What the task asks => A verbatim copy of the full data, with no pictures, is the expected answer.

- - -

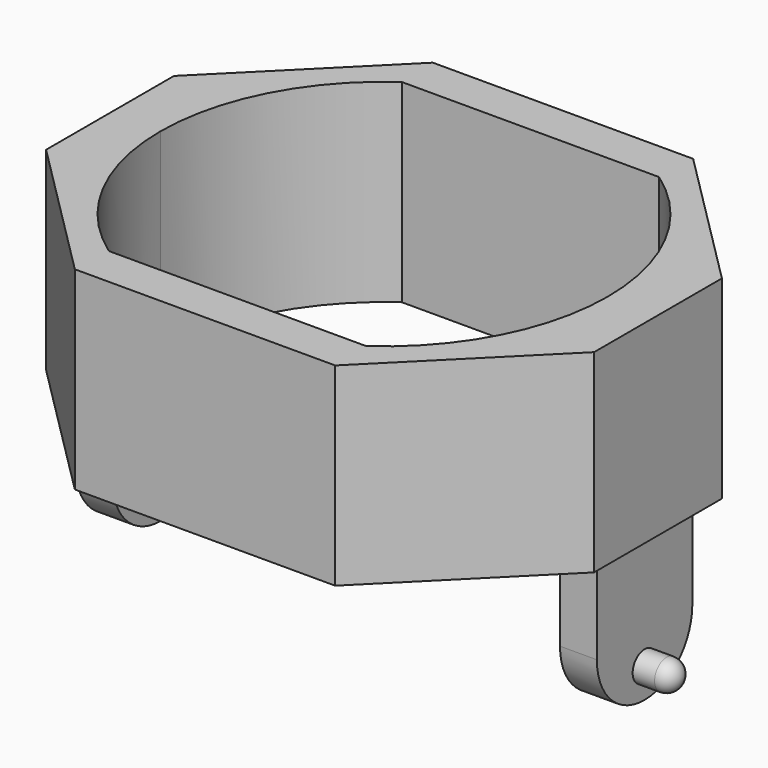
from build123d import *

# Parameters (mm, degrees)
F1_DEPTH  = 16.51
F3_DEPTH  = 6.35
F4_R      = 0.635
F5_DEPTH  = 1.5691231
F6_R      = 2.53999
F7_R      = 0.635
F9_DEPTH  = 6.35
F11_D     = 2.54
F16_D     = 127
F16_DEPTH = 14.606


# Not quite as in the source:
# - a fillet or chamfer is up to 0.001 mm smaller than in the source, because OpenCascade refuses the exact size
# - a length typed as a fraction of an inch, garbled in the dataset ("3 / 203.2 mm" for 3/8 in), is restored
# - the program builds the solid bodies; features that only make, move or delete a surface that nothing else refers to are left out


with BuildPart() as f1:
    # F0 (on Top) → F1 (new body)
    with BuildSketch(Plane.XY):
        Polygon((5.5418181818, 9.525), (0, 9.525), (-5.5418181818, 9.525), (-11.6647200825, 3.4020980993), (-11.6647200825, 0), (-11.6647200825, -3.4020980993), (-5.5418181818, -9.525), (0, -9.525), (5.5418181818, -9.525), (11.6647200825, -3.4020980993), (11.6647200825, 0), (11.6647200825, 3.4020980993), align=None)
        with BuildLine():
            ThreePointArc((5.4764899478, 7.7931818182), (8.4524905132, 4.3910168667), (9.525, 0))
            ThreePointArc((9.525, 0), (8.4524905132, -4.3910168667), (5.4764899478, -7.7931818182))
            Line((5.4764899478, -7.7931818182), (0, -7.7931818182))
            Line((0, -7.7931818182), (-5.4764899478, -7.7931818182))
            ThreePointArc((-5.4764899478, -7.7931818182), (-8.4524905132, -4.3910168667), (-9.525, 0))
            ThreePointArc((-9.525, 0), (-8.4524905132, 4.3910168667), (-5.4764899478, 7.7931818182))
            Line((-5.4764899478, 7.7931818182), (0, 7.7931818182))
            Line((0, 7.7931818182), (5.4764899478, 7.7931818182))
        make_face(mode=Mode.SUBTRACT)
    extrude(amount=F1_DEPTH)

    # F2 (on Top) → F3 (join)
    with BuildSketch(Plane.XY):
        Polygon((11.0941231, -2.54), (11.0941231, 0), (11.0941231, 2.54), (9.525, 2.54), (9.525, 0), (9.525, -2.54), align=None)
    extrude(amount=-F3_DEPTH)

    # F4 (on face) → F5 (join)
    with BuildSketch(Plane.YZ.offset(11.0941231)):
        with Locations((0, -5.08)):
            Circle(F4_R)
    extrude(amount=F5_DEPTH)

    # F6 (radius 2.54 in the source; OpenCascade refuses exactly that, so slightly less here)
    f6_edges = [f1.edges().sort_by_distance(p)[0] for p in [
        (10.309562, -2.54, -6.35),
        (10.309562, 2.54, -6.35),
    ]]
    fillet(f6_edges, radius=F6_R)

    # F7
    f7_edges = [f1.edges().sort_by_distance(p)[0] for p in [
        (12.663246, -0.635, -5.08),
    ]]
    fillet(f7_edges, radius=F7_R)

    # F8 (on face) → F9 (join)
    with BuildSketch(Plane.XY.offset(16.51)):
        Polygon((11.6647200825, 2.54), (10.095592022, 2.54), (10.095592022, 0), (10.095592022, -2.54), (11.6647200825, -2.54), (11.6647200825, 0), align=None)
    extrude(amount=F9_DEPTH)

    # F11 (through all)
    with Locations(Plane.YZ.offset(11.6647200825)):
        with Locations((0, 20.32)):
            Hole(F11_D / 2)

    # F12: F1 across plane


with BuildPart() as f1_1:
    add(f1.part)
    add(f1.part.mirror(Plane.YZ))

    # F16 (through all, one way)
    with BuildSketch(Plane(origin=(0, 0, 8.255), x_dir=(1, 0, 0), z_dir=(0, 0, -1))):
        with Locations((0, 0)):
            Circle(F16_D / 2)
    extrude(amount=-F16_DEPTH, mode=Mode.SUBTRACT)


solid = f1_1.part

- - -

Answer to this task =>
from build123d import *

# Parameters (mm, degrees)
F1_DEPTH  = 16.51
F3_DEPTH  = 6.35
F4_R      = 0.635
F5_DEPTH  = 1.5691231
F6_R      = 2.53999
F7_R      = 0.635
F9_DEPTH  = 6.35
F11_D     = 2.54
F16_D     = 127
F16_DEPTH = 14.606


# Not quite as in the source:
# - a fillet or chamfer is up to 0.001 mm smaller than in the source, because OpenCascade refuses the exact size
# - a length typed as a fraction of an inch, garbled in the dataset ("3 / 203.2 mm" for 3/8 in), is restored
# - the program builds the solid bodies; features that only make, move or delete a surface that nothing else refers to are left out


with BuildPart() as f1:
    # F0 (on Top) → F1 (new body)
    with BuildSketch(Plane.XY):
        Polygon((5.5418181818, 9.525), (0, 9.525), (-5.5418181818, 9.525), (-11.6647200825, 3.4020980993), (-11.6647200825, 0), (-11.6647200825, -3.4020980993), (-5.5418181818, -9.525), (0, -9.525), (5.5418181818, -9.525), (11.6647200825, -3.4020980993), (11.6647200825, 0), (11.6647200825, 3.4020980993), align=None)
        with BuildLine():
            ThreePointArc((5.4764899478, 7.7931818182), (8.4524905132, 4.3910168667), (9.525, 0))
            ThreePointArc((9.525, 0), (8.4524905132, -4.3910168667), (5.4764899478, -7.7931818182))
            Line((5.4764899478, -7.7931818182), (0, -7.7931818182))
            Line((0, -7.7931818182), (-5.4764899478, -7.7931818182))
            ThreePointArc((-5.4764899478, -7.7931818182), (-8.4524905132, -4.3910168667), (-9.525, 0))
            ThreePointArc((-9.525, 0), (-8.4524905132, 4.3910168667), (-5.4764899478, 7.7931818182))
            Line((-5.4764899478, 7.7931818182), (0, 7.7931818182))
            Line((0, 7.7931818182), (5.4764899478, 7.7931818182))
        make_face(mode=Mode.SUBTRACT)
    extrude(amount=F1_DEPTH)

    # F2 (on Top) → F3 (join)
    with BuildSketch(Plane.XY):
        Polygon((11.0941231, -2.54), (11.0941231, 0), (11.0941231, 2.54), (9.525, 2.54), (9.525, 0), (9.525, -2.54), align=None)
    extrude(amount=-F3_DEPTH)

    # F4 (on face) → F5 (join)
    with BuildSketch(Plane.YZ.offset(11.0941231)):
        with Locations((0, -5.08)):
            Circle(F4_R)
    extrude(amount=F5_DEPTH)

    # F6 (radius 2.54 in the source; OpenCascade refuses exactly that, so slightly less here)
    f6_edges = [f1.edges().sort_by_distance(p)[0] for p in [
        (10.309562, -2.54, -6.35),
        (10.309562, 2.54, -6.35),
    ]]
    fillet(f6_edges, radius=F6_R)

    # F7
    f7_edges = [f1.edges().sort_by_distance(p)[0] for p in [
        (12.663246, -0.635, -5.08),
    ]]
    fillet(f7_edges, radius=F7_R)

    # F8 (on face) → F9 (join)
    with BuildSketch(Plane.XY.offset(16.51)):
        Polygon((11.6647200825, 2.54), (10.095592022, 2.54), (10.095592022, 0), (10.095592022, -2.54), (11.6647200825, -2.54), (11.6647200825, 0), align=None)
    extrude(amount=F9_DEPTH)

    # F11 (through all)
    with Locations(Plane.YZ.offset(11.6647200825)):
        with Locations((0, 20.32)):
            Hole(F11_D / 2)

    # F12: F1 across plane


with BuildPart() as f1_1:
    add(f1.part)
    add(f1.part.mirror(Plane.YZ))

    # F16 (through all, one way)
    with BuildSketch(Plane(origin=(0, 0, 8.255), x_dir=(1, 0, 0), z_dir=(0, 0, -1))):
        with Locations((0, 0)):
            Circle(F16_D / 2)
    extrude(amount=-F16_DEPTH, mode=Mode.SUBTRACT)


solid = f1_1.part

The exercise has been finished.